Materials provided START

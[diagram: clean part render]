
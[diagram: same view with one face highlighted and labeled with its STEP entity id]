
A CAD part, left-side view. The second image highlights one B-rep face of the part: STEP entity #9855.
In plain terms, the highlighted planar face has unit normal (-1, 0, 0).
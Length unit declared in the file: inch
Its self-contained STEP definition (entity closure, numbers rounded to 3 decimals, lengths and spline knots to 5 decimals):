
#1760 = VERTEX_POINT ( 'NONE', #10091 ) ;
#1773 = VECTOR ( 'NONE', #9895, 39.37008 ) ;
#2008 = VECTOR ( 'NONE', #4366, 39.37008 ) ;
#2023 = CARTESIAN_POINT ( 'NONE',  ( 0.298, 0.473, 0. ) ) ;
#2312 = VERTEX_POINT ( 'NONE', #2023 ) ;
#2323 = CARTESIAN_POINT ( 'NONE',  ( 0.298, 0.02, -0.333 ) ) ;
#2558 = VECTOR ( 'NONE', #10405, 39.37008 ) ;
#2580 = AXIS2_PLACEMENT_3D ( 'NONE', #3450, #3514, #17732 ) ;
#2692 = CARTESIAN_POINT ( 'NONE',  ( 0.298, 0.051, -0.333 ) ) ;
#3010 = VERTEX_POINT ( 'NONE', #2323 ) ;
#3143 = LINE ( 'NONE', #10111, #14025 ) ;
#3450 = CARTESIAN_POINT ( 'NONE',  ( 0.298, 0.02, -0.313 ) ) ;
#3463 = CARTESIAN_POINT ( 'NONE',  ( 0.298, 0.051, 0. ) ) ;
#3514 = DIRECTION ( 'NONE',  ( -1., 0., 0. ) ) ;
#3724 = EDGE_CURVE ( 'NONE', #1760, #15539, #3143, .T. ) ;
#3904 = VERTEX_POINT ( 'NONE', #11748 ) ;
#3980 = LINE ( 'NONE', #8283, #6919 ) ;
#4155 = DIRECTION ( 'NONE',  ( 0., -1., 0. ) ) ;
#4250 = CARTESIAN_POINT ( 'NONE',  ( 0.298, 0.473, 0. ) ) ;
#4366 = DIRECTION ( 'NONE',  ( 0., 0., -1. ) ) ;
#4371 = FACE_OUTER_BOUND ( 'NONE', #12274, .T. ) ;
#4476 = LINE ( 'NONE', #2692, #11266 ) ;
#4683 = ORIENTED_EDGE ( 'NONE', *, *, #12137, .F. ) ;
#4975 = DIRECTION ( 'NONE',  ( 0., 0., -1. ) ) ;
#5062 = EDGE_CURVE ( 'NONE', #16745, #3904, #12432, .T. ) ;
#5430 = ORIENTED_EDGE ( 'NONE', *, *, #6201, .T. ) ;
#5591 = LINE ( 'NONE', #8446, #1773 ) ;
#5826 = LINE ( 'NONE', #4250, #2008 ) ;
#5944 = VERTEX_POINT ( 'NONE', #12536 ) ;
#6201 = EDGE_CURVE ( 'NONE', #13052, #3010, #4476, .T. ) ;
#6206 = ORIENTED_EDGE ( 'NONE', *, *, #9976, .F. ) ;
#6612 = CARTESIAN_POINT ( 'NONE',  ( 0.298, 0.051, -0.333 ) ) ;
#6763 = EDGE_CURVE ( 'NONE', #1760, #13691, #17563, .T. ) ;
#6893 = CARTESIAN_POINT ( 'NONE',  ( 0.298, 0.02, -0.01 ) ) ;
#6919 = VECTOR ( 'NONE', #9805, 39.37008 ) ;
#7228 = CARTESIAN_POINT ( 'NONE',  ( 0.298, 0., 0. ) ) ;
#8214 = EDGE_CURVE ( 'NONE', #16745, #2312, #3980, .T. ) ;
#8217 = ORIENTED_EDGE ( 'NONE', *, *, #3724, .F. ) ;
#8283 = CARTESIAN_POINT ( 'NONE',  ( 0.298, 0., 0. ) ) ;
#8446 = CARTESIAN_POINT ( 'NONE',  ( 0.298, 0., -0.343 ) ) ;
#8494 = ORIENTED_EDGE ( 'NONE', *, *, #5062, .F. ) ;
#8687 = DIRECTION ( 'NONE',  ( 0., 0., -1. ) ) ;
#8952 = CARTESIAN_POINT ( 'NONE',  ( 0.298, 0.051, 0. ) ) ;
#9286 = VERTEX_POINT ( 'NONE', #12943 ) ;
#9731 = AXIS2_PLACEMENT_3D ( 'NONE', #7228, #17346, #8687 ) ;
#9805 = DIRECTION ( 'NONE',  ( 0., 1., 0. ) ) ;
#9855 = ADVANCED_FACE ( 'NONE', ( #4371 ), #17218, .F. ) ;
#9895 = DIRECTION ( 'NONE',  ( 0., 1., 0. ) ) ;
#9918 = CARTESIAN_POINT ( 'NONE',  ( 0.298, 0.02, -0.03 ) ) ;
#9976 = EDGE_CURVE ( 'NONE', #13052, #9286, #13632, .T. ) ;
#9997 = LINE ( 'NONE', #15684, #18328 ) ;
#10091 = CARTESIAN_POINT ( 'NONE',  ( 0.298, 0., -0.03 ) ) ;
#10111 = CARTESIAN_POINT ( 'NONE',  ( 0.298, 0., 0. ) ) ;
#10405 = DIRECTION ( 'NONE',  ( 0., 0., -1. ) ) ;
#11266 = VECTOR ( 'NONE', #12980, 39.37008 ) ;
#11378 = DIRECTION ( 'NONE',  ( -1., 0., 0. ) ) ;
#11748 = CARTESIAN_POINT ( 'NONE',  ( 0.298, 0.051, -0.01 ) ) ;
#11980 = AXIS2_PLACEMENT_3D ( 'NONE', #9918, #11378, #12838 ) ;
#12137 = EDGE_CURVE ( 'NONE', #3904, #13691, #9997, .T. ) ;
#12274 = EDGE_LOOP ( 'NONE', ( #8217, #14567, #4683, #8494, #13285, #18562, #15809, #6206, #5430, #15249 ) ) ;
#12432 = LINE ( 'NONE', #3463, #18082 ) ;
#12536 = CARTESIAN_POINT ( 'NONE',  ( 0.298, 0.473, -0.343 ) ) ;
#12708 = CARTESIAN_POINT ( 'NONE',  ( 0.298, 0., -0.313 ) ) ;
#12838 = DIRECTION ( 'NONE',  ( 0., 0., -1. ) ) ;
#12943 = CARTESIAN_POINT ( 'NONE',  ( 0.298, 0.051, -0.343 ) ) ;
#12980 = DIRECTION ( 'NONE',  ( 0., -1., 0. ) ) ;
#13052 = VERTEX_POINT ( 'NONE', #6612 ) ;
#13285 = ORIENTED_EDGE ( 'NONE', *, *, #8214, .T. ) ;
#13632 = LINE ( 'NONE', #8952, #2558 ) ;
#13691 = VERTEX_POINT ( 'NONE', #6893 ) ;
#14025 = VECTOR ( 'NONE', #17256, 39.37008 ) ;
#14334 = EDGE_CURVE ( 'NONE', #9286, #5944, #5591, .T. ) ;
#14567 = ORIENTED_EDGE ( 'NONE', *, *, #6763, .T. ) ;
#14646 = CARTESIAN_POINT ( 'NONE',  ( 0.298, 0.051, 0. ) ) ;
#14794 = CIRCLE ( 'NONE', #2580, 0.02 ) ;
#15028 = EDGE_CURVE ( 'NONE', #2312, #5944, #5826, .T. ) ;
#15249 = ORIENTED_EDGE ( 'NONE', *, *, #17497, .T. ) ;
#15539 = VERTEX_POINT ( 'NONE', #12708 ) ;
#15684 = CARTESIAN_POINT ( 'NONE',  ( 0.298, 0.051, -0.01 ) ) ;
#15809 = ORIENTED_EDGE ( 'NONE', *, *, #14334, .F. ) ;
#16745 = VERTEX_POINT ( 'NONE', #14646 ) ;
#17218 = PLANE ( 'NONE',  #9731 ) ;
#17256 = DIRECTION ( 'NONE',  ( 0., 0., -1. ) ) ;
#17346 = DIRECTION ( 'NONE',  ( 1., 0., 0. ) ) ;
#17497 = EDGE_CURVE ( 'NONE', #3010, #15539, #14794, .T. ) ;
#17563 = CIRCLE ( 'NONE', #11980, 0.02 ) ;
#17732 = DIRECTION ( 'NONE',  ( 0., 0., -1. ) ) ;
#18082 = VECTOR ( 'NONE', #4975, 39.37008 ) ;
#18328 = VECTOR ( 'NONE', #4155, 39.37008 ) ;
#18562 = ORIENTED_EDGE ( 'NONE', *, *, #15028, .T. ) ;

Materials provided END

- Instructions for the task
A word-for-word copy of the entries, from the first line through the line containing "#4683 = ORIENTED_EDGE", is the whole answer.

- Solution for this exercise
[diagram: clean part render]
[diagram: same view with one face highlighted and labeled with its STEP entity id]
A CAD part, left-side view. The second image highlights one B-rep face of the part: STEP entity #9855.
In plain terms, the highlighted planar face has unit normal (-1, 0, 0).
Length unit declared in the file: inch
Its self-contained STEP definition (entity closure, numbers rounded to 3 decimals, lengths and spline knots to 5 decimals):
#1760 = VERTEX_POINT ( 'NONE', #10091 ) ;
#1773 = VECTOR ( 'NONE', #9895, 39.37008 ) ;
#2008 = VECTOR ( 'NONE', #4366, 39.37008 ) ;
#2023 = CARTESIAN_POINT ( 'NONE',  ( 0.298, 0.473, 0. ) ) ;
#2312 = VERTEX_POINT ( 'NONE', #2023 ) ;
#2323 = CARTESIAN_POINT ( 'NONE',  ( 0.298, 0.02, -0.333 ) ) ;
#2558 = VECTOR ( 'NONE', #10405, 39.37008 ) ;
#2580 = AXIS2_PLACEMENT_3D ( 'NONE', #3450, #3514, #17732 ) ;
#2692 = CARTESIAN_POINT ( 'NONE',  ( 0.298, 0.051, -0.333 ) ) ;
#3010 = VERTEX_POINT ( 'NONE', #2323 ) ;
#3143 = LINE ( 'NONE', #10111, #14025 ) ;
#3450 = CARTESIAN_POINT ( 'NONE',  ( 0.298, 0.02, -0.313 ) ) ;
#3463 = CARTESIAN_POINT ( 'NONE',  ( 0.298, 0.051, 0. ) ) ;
#3514 = DIRECTION ( 'NONE',  ( -1., 0., 0. ) ) ;
#3724 = EDGE_CURVE ( 'NONE', #1760, #15539, #3143, .T. ) ;
#3904 = VERTEX_POINT ( 'NONE', #11748 ) ;
#3980 = LINE ( 'NONE', #8283, #6919 ) ;
#4155 = DIRECTION ( 'NONE',  ( 0., -1., 0. ) ) ;
#4250 = CARTESIAN_POINT ( 'NONE',  ( 0.298, 0.473, 0. ) ) ;
#4366 = DIRECTION ( 'NONE',  ( 0., 0., -1. ) ) ;
#4371 = FACE_OUTER_BOUND ( 'NONE', #12274, .T. ) ;
#4476 = LINE ( 'NONE', #2692, #11266 ) ;
#4683 = ORIENTED_EDGE ( 'NONE', *, *, #12137, .F. ) ;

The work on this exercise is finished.